- [Task description] In how many lines of the listing below does "about" appear? Reply with the number only.

- [Source data]
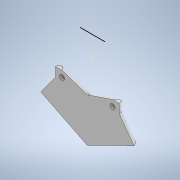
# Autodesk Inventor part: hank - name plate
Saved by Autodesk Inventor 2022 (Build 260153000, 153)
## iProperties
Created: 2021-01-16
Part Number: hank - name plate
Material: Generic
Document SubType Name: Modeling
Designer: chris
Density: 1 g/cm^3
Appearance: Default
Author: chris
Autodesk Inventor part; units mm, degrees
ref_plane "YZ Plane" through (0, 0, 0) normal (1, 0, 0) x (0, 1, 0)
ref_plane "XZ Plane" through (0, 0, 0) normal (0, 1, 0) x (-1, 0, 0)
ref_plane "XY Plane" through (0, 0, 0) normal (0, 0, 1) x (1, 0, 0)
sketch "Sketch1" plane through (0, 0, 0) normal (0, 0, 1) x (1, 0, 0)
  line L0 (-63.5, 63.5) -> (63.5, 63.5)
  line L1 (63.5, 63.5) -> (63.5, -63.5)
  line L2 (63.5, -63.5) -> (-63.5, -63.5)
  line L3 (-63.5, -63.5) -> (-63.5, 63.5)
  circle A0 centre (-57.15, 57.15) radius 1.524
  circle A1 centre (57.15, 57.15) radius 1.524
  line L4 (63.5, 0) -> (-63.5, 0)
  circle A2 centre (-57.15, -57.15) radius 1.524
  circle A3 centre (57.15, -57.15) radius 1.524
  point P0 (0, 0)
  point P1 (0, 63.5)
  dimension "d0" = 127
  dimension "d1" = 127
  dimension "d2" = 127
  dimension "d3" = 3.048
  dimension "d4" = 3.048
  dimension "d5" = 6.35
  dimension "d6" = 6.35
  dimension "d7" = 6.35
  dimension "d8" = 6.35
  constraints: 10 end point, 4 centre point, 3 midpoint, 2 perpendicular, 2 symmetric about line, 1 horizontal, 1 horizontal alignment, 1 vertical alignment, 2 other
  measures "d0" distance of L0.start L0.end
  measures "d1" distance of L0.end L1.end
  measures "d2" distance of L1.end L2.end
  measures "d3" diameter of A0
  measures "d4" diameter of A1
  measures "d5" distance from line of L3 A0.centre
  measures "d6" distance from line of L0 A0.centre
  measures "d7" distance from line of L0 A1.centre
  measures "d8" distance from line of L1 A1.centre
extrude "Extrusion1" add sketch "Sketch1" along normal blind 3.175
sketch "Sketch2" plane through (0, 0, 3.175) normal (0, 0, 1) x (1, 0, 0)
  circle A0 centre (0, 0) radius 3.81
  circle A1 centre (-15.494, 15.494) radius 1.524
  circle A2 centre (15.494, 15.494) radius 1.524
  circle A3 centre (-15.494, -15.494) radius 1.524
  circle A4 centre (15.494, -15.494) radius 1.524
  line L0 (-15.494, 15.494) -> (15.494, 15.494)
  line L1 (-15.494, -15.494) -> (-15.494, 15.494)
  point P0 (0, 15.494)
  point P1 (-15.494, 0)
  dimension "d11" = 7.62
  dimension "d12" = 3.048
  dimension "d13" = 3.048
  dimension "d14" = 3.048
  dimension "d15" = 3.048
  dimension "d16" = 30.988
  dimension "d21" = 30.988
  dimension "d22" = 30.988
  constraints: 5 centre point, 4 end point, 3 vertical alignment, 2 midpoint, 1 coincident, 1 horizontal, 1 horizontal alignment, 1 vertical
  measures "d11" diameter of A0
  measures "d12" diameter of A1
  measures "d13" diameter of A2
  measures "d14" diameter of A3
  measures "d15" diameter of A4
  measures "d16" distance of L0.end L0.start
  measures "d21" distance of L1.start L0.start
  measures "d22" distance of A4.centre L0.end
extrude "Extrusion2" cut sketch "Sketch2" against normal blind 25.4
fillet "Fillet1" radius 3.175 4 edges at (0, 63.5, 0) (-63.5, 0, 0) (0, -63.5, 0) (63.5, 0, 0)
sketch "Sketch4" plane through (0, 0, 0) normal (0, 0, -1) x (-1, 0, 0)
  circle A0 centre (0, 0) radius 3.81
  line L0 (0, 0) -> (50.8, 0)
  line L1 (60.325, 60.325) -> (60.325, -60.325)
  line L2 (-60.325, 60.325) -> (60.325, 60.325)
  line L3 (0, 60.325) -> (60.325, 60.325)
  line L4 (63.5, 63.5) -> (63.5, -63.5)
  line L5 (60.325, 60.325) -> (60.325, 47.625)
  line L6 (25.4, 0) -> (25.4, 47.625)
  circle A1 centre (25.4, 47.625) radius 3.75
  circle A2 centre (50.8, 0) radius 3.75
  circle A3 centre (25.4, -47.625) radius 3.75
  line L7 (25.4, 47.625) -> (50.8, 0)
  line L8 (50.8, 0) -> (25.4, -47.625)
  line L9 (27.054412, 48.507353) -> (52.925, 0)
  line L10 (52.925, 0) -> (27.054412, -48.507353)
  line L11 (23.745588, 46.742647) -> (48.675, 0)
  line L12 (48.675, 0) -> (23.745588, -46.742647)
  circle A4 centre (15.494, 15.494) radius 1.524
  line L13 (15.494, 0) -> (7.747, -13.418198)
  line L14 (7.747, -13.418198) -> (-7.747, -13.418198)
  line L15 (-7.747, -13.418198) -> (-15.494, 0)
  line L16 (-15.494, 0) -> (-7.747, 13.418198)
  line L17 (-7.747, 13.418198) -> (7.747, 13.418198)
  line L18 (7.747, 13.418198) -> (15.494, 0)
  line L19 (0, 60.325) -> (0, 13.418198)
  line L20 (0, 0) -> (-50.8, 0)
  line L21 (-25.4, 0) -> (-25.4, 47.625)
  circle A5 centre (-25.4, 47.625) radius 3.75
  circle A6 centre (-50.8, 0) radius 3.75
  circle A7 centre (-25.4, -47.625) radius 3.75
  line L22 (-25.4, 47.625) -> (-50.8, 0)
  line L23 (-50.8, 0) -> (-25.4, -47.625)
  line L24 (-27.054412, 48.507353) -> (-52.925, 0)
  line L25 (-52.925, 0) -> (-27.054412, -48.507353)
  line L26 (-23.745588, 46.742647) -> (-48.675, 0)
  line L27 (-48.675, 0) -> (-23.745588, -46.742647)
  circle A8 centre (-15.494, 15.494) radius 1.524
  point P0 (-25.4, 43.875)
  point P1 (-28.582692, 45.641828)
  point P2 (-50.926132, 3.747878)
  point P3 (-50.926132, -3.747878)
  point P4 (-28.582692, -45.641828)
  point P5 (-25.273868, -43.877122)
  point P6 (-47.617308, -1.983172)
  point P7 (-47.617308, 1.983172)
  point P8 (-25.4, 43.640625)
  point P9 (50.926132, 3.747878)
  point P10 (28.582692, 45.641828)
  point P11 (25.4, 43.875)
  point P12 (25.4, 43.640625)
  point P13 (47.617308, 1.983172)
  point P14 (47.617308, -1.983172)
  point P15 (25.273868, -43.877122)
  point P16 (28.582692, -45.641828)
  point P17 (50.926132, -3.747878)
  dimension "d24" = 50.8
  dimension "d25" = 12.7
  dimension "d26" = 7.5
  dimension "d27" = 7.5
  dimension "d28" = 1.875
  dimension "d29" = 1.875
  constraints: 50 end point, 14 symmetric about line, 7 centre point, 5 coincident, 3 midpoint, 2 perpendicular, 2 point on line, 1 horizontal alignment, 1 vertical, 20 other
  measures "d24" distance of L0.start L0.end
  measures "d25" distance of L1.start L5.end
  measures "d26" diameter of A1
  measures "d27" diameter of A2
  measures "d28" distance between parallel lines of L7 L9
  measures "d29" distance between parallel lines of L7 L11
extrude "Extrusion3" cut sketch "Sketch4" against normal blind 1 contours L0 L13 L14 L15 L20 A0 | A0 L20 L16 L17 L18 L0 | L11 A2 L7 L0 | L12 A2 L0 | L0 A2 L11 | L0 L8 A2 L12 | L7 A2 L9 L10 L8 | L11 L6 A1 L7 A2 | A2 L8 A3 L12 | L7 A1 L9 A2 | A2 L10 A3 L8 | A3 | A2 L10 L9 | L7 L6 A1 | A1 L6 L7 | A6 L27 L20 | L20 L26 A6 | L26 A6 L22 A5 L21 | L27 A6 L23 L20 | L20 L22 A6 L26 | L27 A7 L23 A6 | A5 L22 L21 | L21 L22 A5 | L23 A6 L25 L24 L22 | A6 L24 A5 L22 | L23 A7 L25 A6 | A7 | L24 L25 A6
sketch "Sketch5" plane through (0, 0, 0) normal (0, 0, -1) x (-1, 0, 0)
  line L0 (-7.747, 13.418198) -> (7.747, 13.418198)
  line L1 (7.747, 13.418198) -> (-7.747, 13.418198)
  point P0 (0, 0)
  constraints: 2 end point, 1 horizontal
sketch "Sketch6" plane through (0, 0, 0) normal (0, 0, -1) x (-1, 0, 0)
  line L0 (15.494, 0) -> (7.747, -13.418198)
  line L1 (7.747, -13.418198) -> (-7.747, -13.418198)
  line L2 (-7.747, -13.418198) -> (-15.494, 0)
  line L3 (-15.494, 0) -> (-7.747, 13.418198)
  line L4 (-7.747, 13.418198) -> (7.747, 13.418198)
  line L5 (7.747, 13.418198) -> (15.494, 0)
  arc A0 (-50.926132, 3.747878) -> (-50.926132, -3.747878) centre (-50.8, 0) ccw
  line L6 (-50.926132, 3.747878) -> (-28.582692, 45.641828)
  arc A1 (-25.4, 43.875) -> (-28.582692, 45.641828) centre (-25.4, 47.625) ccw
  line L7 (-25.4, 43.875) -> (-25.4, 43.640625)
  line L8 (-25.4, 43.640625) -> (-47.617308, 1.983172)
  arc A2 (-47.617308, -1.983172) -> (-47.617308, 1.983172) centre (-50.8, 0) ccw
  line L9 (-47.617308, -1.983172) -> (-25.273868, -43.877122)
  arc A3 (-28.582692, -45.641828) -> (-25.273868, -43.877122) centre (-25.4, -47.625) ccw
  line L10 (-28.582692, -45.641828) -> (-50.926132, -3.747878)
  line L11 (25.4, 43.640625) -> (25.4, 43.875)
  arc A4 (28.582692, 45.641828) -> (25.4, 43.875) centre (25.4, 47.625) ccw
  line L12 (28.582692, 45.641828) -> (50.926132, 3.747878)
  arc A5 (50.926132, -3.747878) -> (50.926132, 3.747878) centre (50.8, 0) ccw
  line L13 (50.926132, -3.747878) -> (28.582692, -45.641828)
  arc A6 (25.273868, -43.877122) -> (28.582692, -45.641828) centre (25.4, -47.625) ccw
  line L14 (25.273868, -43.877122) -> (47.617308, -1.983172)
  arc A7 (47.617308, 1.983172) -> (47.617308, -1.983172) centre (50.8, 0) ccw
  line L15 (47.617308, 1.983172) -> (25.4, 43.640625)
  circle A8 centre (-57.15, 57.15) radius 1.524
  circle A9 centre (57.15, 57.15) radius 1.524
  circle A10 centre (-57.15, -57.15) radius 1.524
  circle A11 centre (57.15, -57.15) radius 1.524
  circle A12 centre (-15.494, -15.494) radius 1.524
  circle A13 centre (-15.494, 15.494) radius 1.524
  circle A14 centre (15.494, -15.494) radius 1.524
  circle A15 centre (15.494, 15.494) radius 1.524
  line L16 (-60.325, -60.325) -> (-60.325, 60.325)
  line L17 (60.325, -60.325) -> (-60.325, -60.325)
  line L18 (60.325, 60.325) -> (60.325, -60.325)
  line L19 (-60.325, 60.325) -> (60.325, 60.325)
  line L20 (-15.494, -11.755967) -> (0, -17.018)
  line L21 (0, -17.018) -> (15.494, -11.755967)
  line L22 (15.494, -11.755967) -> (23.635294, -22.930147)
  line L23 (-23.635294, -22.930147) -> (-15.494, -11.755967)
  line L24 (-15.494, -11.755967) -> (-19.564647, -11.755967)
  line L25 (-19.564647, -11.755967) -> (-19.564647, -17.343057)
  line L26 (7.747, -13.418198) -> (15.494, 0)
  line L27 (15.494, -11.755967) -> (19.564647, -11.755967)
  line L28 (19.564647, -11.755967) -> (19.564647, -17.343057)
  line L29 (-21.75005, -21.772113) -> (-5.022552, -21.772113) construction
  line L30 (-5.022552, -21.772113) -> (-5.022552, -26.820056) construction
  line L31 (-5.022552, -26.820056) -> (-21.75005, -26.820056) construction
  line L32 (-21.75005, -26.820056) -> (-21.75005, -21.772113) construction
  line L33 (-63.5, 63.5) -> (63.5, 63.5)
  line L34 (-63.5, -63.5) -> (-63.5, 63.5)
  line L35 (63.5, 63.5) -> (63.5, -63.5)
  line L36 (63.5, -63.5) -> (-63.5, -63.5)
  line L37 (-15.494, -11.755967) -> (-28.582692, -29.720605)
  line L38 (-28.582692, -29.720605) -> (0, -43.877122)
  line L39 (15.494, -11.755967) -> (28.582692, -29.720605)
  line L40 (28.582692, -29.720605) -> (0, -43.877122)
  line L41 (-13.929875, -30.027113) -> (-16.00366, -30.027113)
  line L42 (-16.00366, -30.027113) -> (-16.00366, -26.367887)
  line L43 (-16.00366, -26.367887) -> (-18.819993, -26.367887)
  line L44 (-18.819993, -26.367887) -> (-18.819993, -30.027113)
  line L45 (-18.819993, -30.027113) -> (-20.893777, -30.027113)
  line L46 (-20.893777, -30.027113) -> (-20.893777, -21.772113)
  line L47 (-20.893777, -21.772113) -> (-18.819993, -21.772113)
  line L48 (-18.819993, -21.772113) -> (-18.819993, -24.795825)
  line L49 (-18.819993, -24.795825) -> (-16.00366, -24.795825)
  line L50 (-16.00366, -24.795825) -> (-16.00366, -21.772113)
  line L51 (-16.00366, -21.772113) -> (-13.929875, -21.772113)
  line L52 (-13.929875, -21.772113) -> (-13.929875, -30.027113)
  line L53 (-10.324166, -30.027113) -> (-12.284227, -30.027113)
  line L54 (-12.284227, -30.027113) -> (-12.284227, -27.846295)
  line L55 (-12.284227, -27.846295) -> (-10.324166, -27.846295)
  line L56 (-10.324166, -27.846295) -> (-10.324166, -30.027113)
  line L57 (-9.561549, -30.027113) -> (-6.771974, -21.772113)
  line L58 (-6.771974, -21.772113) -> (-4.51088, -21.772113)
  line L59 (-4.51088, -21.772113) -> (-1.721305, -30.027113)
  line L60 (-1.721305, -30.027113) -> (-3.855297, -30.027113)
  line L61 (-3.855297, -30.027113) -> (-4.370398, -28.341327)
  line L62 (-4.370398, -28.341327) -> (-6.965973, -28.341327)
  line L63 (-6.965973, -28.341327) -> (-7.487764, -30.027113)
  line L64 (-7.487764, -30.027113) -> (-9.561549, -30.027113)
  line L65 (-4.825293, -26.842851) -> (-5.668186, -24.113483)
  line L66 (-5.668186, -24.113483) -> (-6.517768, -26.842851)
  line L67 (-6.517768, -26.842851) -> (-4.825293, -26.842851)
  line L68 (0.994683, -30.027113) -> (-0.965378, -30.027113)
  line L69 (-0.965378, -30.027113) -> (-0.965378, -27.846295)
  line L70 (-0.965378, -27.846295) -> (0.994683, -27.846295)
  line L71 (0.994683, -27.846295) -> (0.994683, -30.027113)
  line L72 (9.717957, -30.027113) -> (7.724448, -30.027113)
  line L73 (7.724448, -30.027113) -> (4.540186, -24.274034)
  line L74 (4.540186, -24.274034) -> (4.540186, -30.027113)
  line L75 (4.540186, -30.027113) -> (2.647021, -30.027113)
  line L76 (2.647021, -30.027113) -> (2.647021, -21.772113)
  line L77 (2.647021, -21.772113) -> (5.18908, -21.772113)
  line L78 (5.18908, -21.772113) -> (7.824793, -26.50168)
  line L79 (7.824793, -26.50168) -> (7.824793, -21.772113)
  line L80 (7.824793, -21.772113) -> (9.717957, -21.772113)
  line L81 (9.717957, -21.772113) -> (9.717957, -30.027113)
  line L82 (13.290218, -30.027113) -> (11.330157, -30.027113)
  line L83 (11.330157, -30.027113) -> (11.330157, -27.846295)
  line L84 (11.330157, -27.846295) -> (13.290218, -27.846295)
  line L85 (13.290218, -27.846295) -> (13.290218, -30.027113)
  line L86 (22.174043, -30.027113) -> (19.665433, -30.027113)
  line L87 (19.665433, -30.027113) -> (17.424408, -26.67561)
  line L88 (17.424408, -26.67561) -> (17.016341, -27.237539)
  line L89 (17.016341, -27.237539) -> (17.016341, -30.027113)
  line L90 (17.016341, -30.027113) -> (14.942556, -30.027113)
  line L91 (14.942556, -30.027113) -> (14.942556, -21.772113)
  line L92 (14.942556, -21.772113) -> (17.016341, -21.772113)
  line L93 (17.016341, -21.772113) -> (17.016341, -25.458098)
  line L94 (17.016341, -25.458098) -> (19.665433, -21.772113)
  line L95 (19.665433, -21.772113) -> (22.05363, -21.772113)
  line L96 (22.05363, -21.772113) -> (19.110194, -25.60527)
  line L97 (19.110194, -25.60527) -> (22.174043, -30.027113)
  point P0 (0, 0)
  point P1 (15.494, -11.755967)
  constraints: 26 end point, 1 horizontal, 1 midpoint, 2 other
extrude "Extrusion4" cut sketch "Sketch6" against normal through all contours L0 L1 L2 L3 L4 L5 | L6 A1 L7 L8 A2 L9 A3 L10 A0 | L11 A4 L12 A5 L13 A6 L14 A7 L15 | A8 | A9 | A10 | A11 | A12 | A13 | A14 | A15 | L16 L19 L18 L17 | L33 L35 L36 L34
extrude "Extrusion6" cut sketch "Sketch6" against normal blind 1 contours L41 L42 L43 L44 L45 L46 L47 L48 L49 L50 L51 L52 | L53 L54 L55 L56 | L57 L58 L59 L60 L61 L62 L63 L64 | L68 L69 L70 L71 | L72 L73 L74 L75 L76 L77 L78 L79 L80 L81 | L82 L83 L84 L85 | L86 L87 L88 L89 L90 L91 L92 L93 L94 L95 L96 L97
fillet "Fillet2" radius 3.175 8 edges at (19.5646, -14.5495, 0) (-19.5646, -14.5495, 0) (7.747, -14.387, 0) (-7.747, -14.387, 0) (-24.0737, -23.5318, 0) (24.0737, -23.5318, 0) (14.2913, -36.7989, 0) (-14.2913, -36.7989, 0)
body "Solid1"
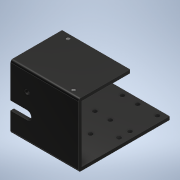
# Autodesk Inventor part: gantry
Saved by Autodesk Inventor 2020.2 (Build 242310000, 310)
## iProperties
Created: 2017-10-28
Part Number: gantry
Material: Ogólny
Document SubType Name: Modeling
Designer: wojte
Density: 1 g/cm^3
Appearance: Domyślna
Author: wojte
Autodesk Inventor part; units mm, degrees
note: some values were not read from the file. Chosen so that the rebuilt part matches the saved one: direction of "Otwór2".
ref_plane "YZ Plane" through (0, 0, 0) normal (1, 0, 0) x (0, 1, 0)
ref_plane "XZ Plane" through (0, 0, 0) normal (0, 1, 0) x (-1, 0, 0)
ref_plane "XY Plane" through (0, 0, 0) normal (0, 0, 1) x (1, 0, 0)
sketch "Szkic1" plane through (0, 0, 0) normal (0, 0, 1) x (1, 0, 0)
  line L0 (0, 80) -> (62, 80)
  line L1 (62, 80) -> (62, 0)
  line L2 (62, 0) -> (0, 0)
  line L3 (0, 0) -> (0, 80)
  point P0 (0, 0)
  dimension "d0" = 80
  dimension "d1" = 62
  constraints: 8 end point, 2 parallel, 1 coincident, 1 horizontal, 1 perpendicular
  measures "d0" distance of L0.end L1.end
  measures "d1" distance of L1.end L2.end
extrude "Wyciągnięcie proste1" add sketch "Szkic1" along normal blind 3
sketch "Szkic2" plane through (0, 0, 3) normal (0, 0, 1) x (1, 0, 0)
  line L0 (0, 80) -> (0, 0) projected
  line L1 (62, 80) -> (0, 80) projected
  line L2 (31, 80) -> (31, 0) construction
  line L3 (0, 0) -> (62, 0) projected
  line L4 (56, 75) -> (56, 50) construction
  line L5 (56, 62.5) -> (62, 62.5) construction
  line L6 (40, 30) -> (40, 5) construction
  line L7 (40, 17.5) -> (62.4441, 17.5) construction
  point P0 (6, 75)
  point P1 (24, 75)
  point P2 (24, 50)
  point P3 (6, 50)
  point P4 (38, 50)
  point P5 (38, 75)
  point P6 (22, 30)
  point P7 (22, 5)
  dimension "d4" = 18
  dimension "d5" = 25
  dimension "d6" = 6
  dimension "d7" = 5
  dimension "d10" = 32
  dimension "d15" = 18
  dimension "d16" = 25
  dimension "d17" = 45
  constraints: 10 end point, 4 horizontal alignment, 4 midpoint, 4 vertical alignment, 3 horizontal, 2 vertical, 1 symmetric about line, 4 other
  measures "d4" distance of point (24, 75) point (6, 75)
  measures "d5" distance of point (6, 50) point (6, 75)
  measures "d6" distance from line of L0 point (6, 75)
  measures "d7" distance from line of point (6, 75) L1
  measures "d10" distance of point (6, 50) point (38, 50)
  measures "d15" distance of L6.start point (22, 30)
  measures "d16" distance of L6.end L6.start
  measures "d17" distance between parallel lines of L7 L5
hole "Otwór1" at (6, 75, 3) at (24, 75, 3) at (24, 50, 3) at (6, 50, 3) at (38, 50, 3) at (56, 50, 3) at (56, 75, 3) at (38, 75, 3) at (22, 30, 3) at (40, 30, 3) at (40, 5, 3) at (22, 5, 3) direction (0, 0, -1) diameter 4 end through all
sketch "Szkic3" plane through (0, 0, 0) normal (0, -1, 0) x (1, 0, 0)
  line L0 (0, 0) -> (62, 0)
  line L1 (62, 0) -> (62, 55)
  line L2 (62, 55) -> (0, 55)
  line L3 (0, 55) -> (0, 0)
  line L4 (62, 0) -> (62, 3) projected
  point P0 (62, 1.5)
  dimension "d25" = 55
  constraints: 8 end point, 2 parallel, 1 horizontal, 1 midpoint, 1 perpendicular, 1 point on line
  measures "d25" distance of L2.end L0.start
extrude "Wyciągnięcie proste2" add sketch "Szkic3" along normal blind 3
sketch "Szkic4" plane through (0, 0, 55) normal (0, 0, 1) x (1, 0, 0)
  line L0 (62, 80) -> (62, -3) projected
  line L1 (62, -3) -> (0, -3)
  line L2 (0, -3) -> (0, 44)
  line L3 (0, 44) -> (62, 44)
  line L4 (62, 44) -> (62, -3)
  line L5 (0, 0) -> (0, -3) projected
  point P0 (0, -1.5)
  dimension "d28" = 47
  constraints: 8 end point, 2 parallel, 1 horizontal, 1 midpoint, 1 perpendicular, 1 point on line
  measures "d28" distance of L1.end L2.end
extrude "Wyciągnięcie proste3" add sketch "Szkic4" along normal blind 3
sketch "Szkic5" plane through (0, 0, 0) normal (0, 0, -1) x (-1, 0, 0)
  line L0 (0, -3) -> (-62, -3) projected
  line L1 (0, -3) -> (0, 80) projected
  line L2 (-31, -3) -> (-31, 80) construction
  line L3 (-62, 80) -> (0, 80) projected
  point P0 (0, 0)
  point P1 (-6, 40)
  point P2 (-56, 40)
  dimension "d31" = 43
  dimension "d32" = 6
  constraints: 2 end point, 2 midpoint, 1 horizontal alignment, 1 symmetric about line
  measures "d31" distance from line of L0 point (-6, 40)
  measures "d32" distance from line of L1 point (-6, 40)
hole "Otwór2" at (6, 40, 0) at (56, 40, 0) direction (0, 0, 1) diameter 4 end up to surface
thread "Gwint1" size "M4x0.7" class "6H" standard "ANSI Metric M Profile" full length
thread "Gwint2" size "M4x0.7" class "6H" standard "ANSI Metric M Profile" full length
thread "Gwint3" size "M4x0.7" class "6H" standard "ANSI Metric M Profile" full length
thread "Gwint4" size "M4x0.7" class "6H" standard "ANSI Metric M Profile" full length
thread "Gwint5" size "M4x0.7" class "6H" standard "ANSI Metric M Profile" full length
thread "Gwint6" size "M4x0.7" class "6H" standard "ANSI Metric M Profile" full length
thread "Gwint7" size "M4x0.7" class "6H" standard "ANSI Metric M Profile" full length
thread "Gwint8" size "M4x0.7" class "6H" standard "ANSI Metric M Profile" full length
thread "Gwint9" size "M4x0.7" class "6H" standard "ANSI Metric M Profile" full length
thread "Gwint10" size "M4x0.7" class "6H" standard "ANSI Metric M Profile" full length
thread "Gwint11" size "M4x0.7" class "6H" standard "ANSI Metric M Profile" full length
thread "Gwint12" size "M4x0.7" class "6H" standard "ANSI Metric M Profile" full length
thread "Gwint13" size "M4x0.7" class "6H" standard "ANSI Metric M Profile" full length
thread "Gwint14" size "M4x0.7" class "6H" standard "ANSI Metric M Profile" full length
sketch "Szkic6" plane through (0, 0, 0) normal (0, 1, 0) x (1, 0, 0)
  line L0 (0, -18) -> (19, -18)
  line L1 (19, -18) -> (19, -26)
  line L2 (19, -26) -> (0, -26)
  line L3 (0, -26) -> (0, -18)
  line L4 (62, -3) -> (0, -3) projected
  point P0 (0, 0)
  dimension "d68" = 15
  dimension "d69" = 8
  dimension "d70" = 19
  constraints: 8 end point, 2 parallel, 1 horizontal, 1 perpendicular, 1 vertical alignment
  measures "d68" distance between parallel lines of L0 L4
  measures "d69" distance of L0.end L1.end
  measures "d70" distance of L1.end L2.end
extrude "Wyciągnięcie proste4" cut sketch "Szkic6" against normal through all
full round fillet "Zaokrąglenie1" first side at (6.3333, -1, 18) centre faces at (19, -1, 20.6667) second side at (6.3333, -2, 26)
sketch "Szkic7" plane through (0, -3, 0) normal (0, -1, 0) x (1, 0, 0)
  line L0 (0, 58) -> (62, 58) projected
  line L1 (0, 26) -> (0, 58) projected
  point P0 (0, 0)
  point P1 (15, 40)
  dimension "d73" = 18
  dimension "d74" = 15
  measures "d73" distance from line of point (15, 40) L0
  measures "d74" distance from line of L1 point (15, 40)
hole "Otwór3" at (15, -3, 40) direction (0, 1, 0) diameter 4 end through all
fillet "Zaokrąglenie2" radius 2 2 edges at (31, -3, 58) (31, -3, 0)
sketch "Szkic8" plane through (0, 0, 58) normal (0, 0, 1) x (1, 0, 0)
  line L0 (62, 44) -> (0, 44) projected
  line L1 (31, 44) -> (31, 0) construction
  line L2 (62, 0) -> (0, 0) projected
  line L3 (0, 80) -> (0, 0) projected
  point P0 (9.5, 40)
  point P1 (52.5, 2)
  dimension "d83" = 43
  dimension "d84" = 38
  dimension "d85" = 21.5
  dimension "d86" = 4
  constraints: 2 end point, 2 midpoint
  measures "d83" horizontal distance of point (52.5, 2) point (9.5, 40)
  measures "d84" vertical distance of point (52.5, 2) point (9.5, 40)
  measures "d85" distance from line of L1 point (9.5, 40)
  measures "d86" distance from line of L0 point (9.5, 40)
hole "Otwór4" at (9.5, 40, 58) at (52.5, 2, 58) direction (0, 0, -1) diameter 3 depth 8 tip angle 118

- [Exercise response] 4